** Opening Records to process block **
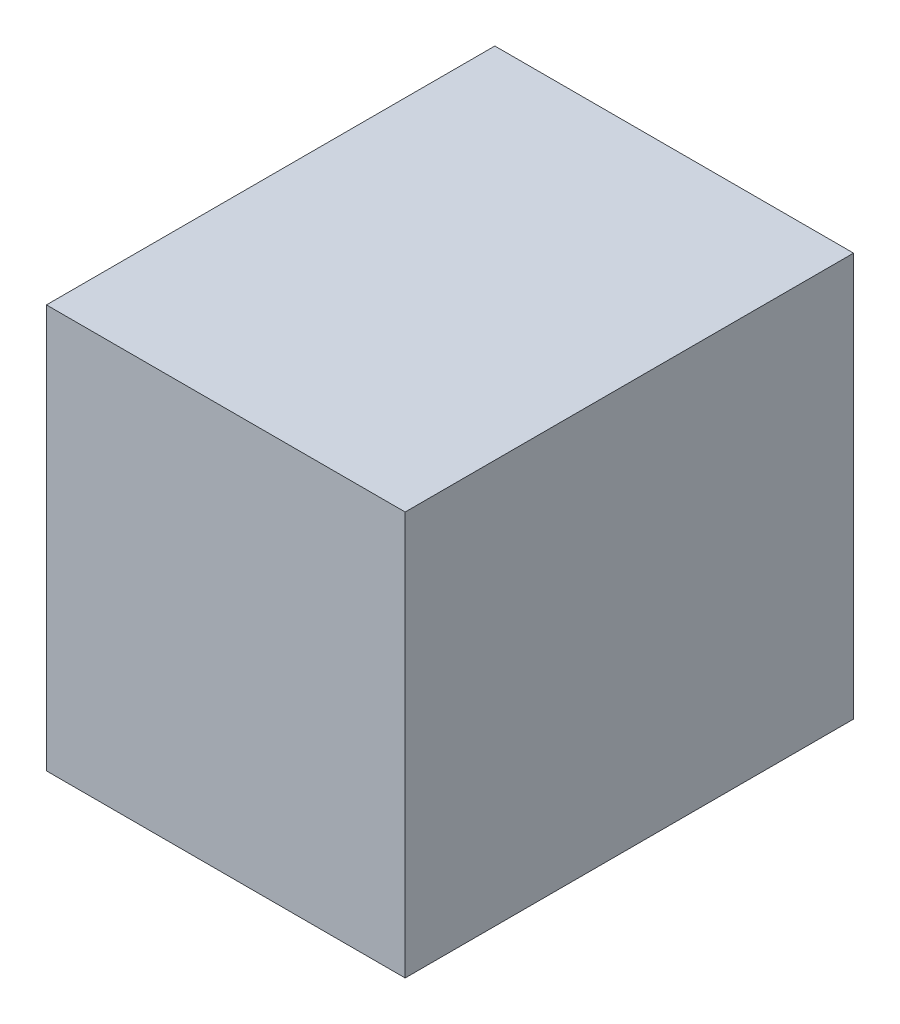
ISO-10303-21;
HEADER;
FILE_DESCRIPTION(('STEP AP214'),'2;1');
FILE_NAME('part.step','',(''),(''),'','','');
FILE_SCHEMA(('AUTOMOTIVE_DESIGN { 1 0 10303 214 1 1 1 1 }'));
ENDSEC;
DATA;
#1=APPLICATION_CONTEXT('core data for automotive mechanical design processes');
#2=APPLICATION_PROTOCOL_DEFINITION('international standard','automotive_design',2000,#1);
#3=PRODUCT_CONTEXT('',#1,'mechanical');
#4=PRODUCT('Part','Part','',(#3));
#5=PRODUCT_RELATED_PRODUCT_CATEGORY('part','',(#4));
#6=PRODUCT_DEFINITION_FORMATION('','',#4);
#7=PRODUCT_DEFINITION_CONTEXT('part definition',#1,'design');
#8=PRODUCT_DEFINITION('design','',#6,#7);
#9=PRODUCT_DEFINITION_SHAPE('','',#8);
#10=(LENGTH_UNIT() NAMED_UNIT(*) SI_UNIT(.MILLI.,.METRE.));
#11=(NAMED_UNIT(*) PLANE_ANGLE_UNIT() SI_UNIT($,.RADIAN.));
#12=(NAMED_UNIT(*) SI_UNIT($,.STERADIAN.) SOLID_ANGLE_UNIT());
#13=UNCERTAINTY_MEASURE_WITH_UNIT(LENGTH_MEASURE(1.E-05),#10,'distance_accuracy_value','');
#14=(GEOMETRIC_REPRESENTATION_CONTEXT(3) GLOBAL_UNCERTAINTY_ASSIGNED_CONTEXT((#13)) GLOBAL_UNIT_ASSIGNED_CONTEXT((#10,
#11,#12)) REPRESENTATION_CONTEXT('',''));
#15=CARTESIAN_POINT('',(0.,0.,0.));
#16=DIRECTION('',(0.,0.,1.));
#17=DIRECTION('',(1.,0.,0.));
#18=AXIS2_PLACEMENT_3D('',#15,#16,#17);
#19=CARTESIAN_POINT('',(0.,0.,500.));
#20=DIRECTION('',(1.,0.,0.));
#21=DIRECTION('',(0.,0.,-1.));
#22=AXIS2_PLACEMENT_3D('',#19,#20,#21);
#23=PLANE('',#22);
#24=DIRECTION('',(0.,-1.,0.));
#25=VECTOR('',#24,1.);
#26=CARTESIAN_POINT('',(0.,0.,0.));
#27=LINE('',#26,#25);
#28=CARTESIAN_POINT('',(0.,450.,0.));
#29=VERTEX_POINT('',#28);
#30=CARTESIAN_POINT('',(0.,0.,0.));
#31=VERTEX_POINT('',#30);
#32=EDGE_CURVE('E111',#29,#31,#27,.T.);
#33=ORIENTED_EDGE('',*,*,#32,.T.);
#34=DIRECTION('',(0.,0.,-1.));
#35=VECTOR('',#34,1.);
#36=CARTESIAN_POINT('',(0.,0.,500.));
#37=LINE('',#36,#35);
#38=CARTESIAN_POINT('',(0.,0.,500.));
#39=VERTEX_POINT('',#38);
#40=EDGE_CURVE('E11',#39,#31,#37,.T.);
#41=ORIENTED_EDGE('',*,*,#40,.F.);
#42=DIRECTION('',(0.,-1.,0.));
#43=VECTOR('',#42,1.);
#44=CARTESIAN_POINT('',(0.,0.,500.));
#45=LINE('',#44,#43);
#46=CARTESIAN_POINT('',(0.,450.,500.));
#47=VERTEX_POINT('',#46);
#48=EDGE_CURVE('E95',#47,#39,#45,.T.);
#49=ORIENTED_EDGE('',*,*,#48,.F.);
#50=DIRECTION('',(0.,0.,-1.));
#51=VECTOR('',#50,1.);
#52=CARTESIAN_POINT('',(0.,450.,500.));
#53=LINE('',#52,#51);
#54=EDGE_CURVE('E107',#47,#29,#53,.T.);
#55=ORIENTED_EDGE('',*,*,#54,.T.);
#56=EDGE_LOOP('',(#33,#41,#49,#55));
#57=FACE_BOUND('',#56,.T.);
#58=ADVANCED_FACE('F43',(#57),#23,.F.);
#59=CARTESIAN_POINT('',(0.,0.,500.));
#60=DIRECTION('',(0.,1.,0.));
#61=DIRECTION('',(0.,0.,1.));
#62=AXIS2_PLACEMENT_3D('',#59,#60,#61);
#63=PLANE('',#62);
#64=DIRECTION('',(1.,0.,0.));
#65=VECTOR('',#64,1.);
#66=CARTESIAN_POINT('',(0.,0.,0.));
#67=LINE('',#66,#65);
#68=CARTESIAN_POINT('',(400.,0.,0.));
#69=VERTEX_POINT('',#68);
#70=EDGE_CURVE('E100',#31,#69,#67,.T.);
#71=ORIENTED_EDGE('',*,*,#70,.T.);
#72=DIRECTION('',(0.,0.,-1.));
#73=VECTOR('',#72,1.);
#74=CARTESIAN_POINT('',(400.,0.,500.));
#75=LINE('',#74,#73);
#76=CARTESIAN_POINT('',(400.,0.,500.));
#77=VERTEX_POINT('',#76);
#78=EDGE_CURVE('E52',#77,#69,#75,.T.);
#79=ORIENTED_EDGE('',*,*,#78,.F.);
#80=DIRECTION('',(1.,0.,0.));
#81=VECTOR('',#80,1.);
#82=CARTESIAN_POINT('',(0.,0.,500.));
#83=LINE('',#82,#81);
#84=EDGE_CURVE('E90',#39,#77,#83,.T.);
#85=ORIENTED_EDGE('',*,*,#84,.F.);
#86=ORIENTED_EDGE('',*,*,#40,.T.);
#87=EDGE_LOOP('',(#71,#79,#85,#86));
#88=FACE_BOUND('',#87,.T.);
#89=ADVANCED_FACE('F99',(#88),#63,.F.);
#90=CARTESIAN_POINT('',(400.,0.,500.));
#91=DIRECTION('',(-1.,0.,0.));
#92=DIRECTION('',(0.,0.,1.));
#93=AXIS2_PLACEMENT_3D('',#90,#91,#92);
#94=PLANE('',#93);
#95=DIRECTION('',(0.,1.,0.));
#96=VECTOR('',#95,1.);
#97=CARTESIAN_POINT('',(400.,0.,0.));
#98=LINE('',#97,#96);
#99=CARTESIAN_POINT('',(400.,450.,0.));
#100=VERTEX_POINT('',#99);
#101=EDGE_CURVE('E77',#69,#100,#98,.T.);
#102=ORIENTED_EDGE('',*,*,#101,.T.);
#103=DIRECTION('',(0.,0.,-1.));
#104=VECTOR('',#103,1.);
#105=CARTESIAN_POINT('',(400.,450.,500.));
#106=LINE('',#105,#104);
#107=CARTESIAN_POINT('',(400.,450.,500.));
#108=VERTEX_POINT('',#107);
#109=EDGE_CURVE('E102',#108,#100,#106,.T.);
#110=ORIENTED_EDGE('',*,*,#109,.F.);
#111=DIRECTION('',(0.,1.,0.));
#112=VECTOR('',#111,1.);
#113=CARTESIAN_POINT('',(400.,0.,500.));
#114=LINE('',#113,#112);
#115=EDGE_CURVE('E93',#77,#108,#114,.T.);
#116=ORIENTED_EDGE('',*,*,#115,.F.);
#117=ORIENTED_EDGE('',*,*,#78,.T.);
#118=EDGE_LOOP('',(#102,#110,#116,#117));
#119=FACE_BOUND('',#118,.T.);
#120=ADVANCED_FACE('F103',(#119),#94,.F.);
#121=CARTESIAN_POINT('',(0.,450.,500.));
#122=DIRECTION('',(0.,-1.,0.));
#123=DIRECTION('',(0.,0.,-1.));
#124=AXIS2_PLACEMENT_3D('',#121,#122,#123);
#125=PLANE('',#124);
#126=DIRECTION('',(-1.,0.,0.));
#127=VECTOR('',#126,1.);
#128=CARTESIAN_POINT('',(0.,450.,0.));
#129=LINE('',#128,#127);
#130=EDGE_CURVE('E83',#100,#29,#129,.T.);
#131=ORIENTED_EDGE('',*,*,#130,.T.);
#132=ORIENTED_EDGE('',*,*,#54,.F.);
#133=DIRECTION('',(-1.,0.,0.));
#134=VECTOR('',#133,1.);
#135=CARTESIAN_POINT('',(0.,450.,500.));
#136=LINE('',#135,#134);
#137=EDGE_CURVE('E60',#108,#47,#136,.T.);
#138=ORIENTED_EDGE('',*,*,#137,.F.);
#139=ORIENTED_EDGE('',*,*,#109,.T.);
#140=EDGE_LOOP('',(#131,#132,#138,#139));
#141=FACE_BOUND('',#140,.T.);
#142=ADVANCED_FACE('F124',(#141),#125,.F.);
#143=CARTESIAN_POINT('',(0.,0.,500.));
#144=DIRECTION('',(0.,0.,-1.));
#145=DIRECTION('',(-1.,0.,0.));
#146=AXIS2_PLACEMENT_3D('',#143,#144,#145);
#147=PLANE('',#146);
#148=ORIENTED_EDGE('',*,*,#48,.T.);
#149=ORIENTED_EDGE('',*,*,#84,.T.);
#150=ORIENTED_EDGE('',*,*,#115,.T.);
#151=ORIENTED_EDGE('',*,*,#137,.T.);
#152=EDGE_LOOP('',(#148,#149,#150,#151));
#153=FACE_BOUND('',#152,.T.);
#154=ADVANCED_FACE('F91',(#153),#147,.F.);
#155=CARTESIAN_POINT('',(0.,0.,0.));
#156=DIRECTION('',(0.,0.,-1.));
#157=DIRECTION('',(-1.,0.,0.));
#158=AXIS2_PLACEMENT_3D('',#155,#156,#157);
#159=PLANE('',#158);
#160=ORIENTED_EDGE('',*,*,#32,.F.);
#161=ORIENTED_EDGE('',*,*,#130,.F.);
#162=ORIENTED_EDGE('',*,*,#101,.F.);
#163=ORIENTED_EDGE('',*,*,#70,.F.);
#164=EDGE_LOOP('',(#160,#161,#162,#163));
#165=FACE_BOUND('',#164,.T.);
#166=ADVANCED_FACE('F127',(#165),#159,.T.);
#167=CLOSED_SHELL('',(#58,#89,#120,#142,#154,#166));
#168=MANIFOLD_SOLID_BREP('B2',#167);
#169=ADVANCED_BREP_SHAPE_REPRESENTATION('',(#18,#168),#14);
#170=SHAPE_DEFINITION_REPRESENTATION(#9,#169);
ENDSEC;
END-ISO-10303-21;
** Closing Records to process block **
Restate word for word only the lines above from the line containing "#42=DIRECTION('',(0.,-1.,0.));" to the line containing "#88=FACE_BOUND('',#87,.T.);", both of them included.

> Exercise output:
#42=DIRECTION('',(0.,-1.,0.));
#43=VECTOR('',#42,1.);
#44=CARTESIAN_POINT('',(0.,0.,500.));
#45=LINE('',#44,#43);
#46=CARTESIAN_POINT('',(0.,450.,500.));
#47=VERTEX_POINT('',#46);
#48=EDGE_CURVE('E95',#47,#39,#45,.T.);
#49=ORIENTED_EDGE('',*,*,#48,.F.);
#50=DIRECTION('',(0.,0.,-1.));
#51=VECTOR('',#50,1.);
#52=CARTESIAN_POINT('',(0.,450.,500.));
#53=LINE('',#52,#51);
#54=EDGE_CURVE('E107',#47,#29,#53,.T.);
#55=ORIENTED_EDGE('',*,*,#54,.T.);
#56=EDGE_LOOP('',(#33,#41,#49,#55));
#57=FACE_BOUND('',#56,.T.);
#58=ADVANCED_FACE('F43',(#57),#23,.F.);
#59=CARTESIAN_POINT('',(0.,0.,500.));
#60=DIRECTION('',(0.,1.,0.));
#61=DIRECTION('',(0.,0.,1.));
#62=AXIS2_PLACEMENT_3D('',#59,#60,#61);
#63=PLANE('',#62);
#64=DIRECTION('',(1.,0.,0.));
#65=VECTOR('',#64,1.);
#66=CARTESIAN_POINT('',(0.,0.,0.));
#67=LINE('',#66,#65);
#68=CARTESIAN_POINT('',(400.,0.,0.));
#69=VERTEX_POINT('',#68);
#70=EDGE_CURVE('E100',#31,#69,#67,.T.);
#71=ORIENTED_EDGE('',*,*,#70,.T.);
#72=DIRECTION('',(0.,0.,-1.));
#73=VECTOR('',#72,1.);
#74=CARTESIAN_POINT('',(400.,0.,500.));
#75=LINE('',#74,#73);
#76=CARTESIAN_POINT('',(400.,0.,500.));
#77=VERTEX_POINT('',#76);
#78=EDGE_CURVE('E52',#77,#69,#75,.T.);
#79=ORIENTED_EDGE('',*,*,#78,.F.);
#80=DIRECTION('',(1.,0.,0.));
#81=VECTOR('',#80,1.);
#82=CARTESIAN_POINT('',(0.,0.,500.));
#83=LINE('',#82,#81);
#84=EDGE_CURVE('E90',#39,#77,#83,.T.);
#85=ORIENTED_EDGE('',*,*,#84,.F.);
#86=ORIENTED_EDGE('',*,*,#40,.T.);
#87=EDGE_LOOP('',(#71,#79,#85,#86));
#88=FACE_BOUND('',#87,.T.);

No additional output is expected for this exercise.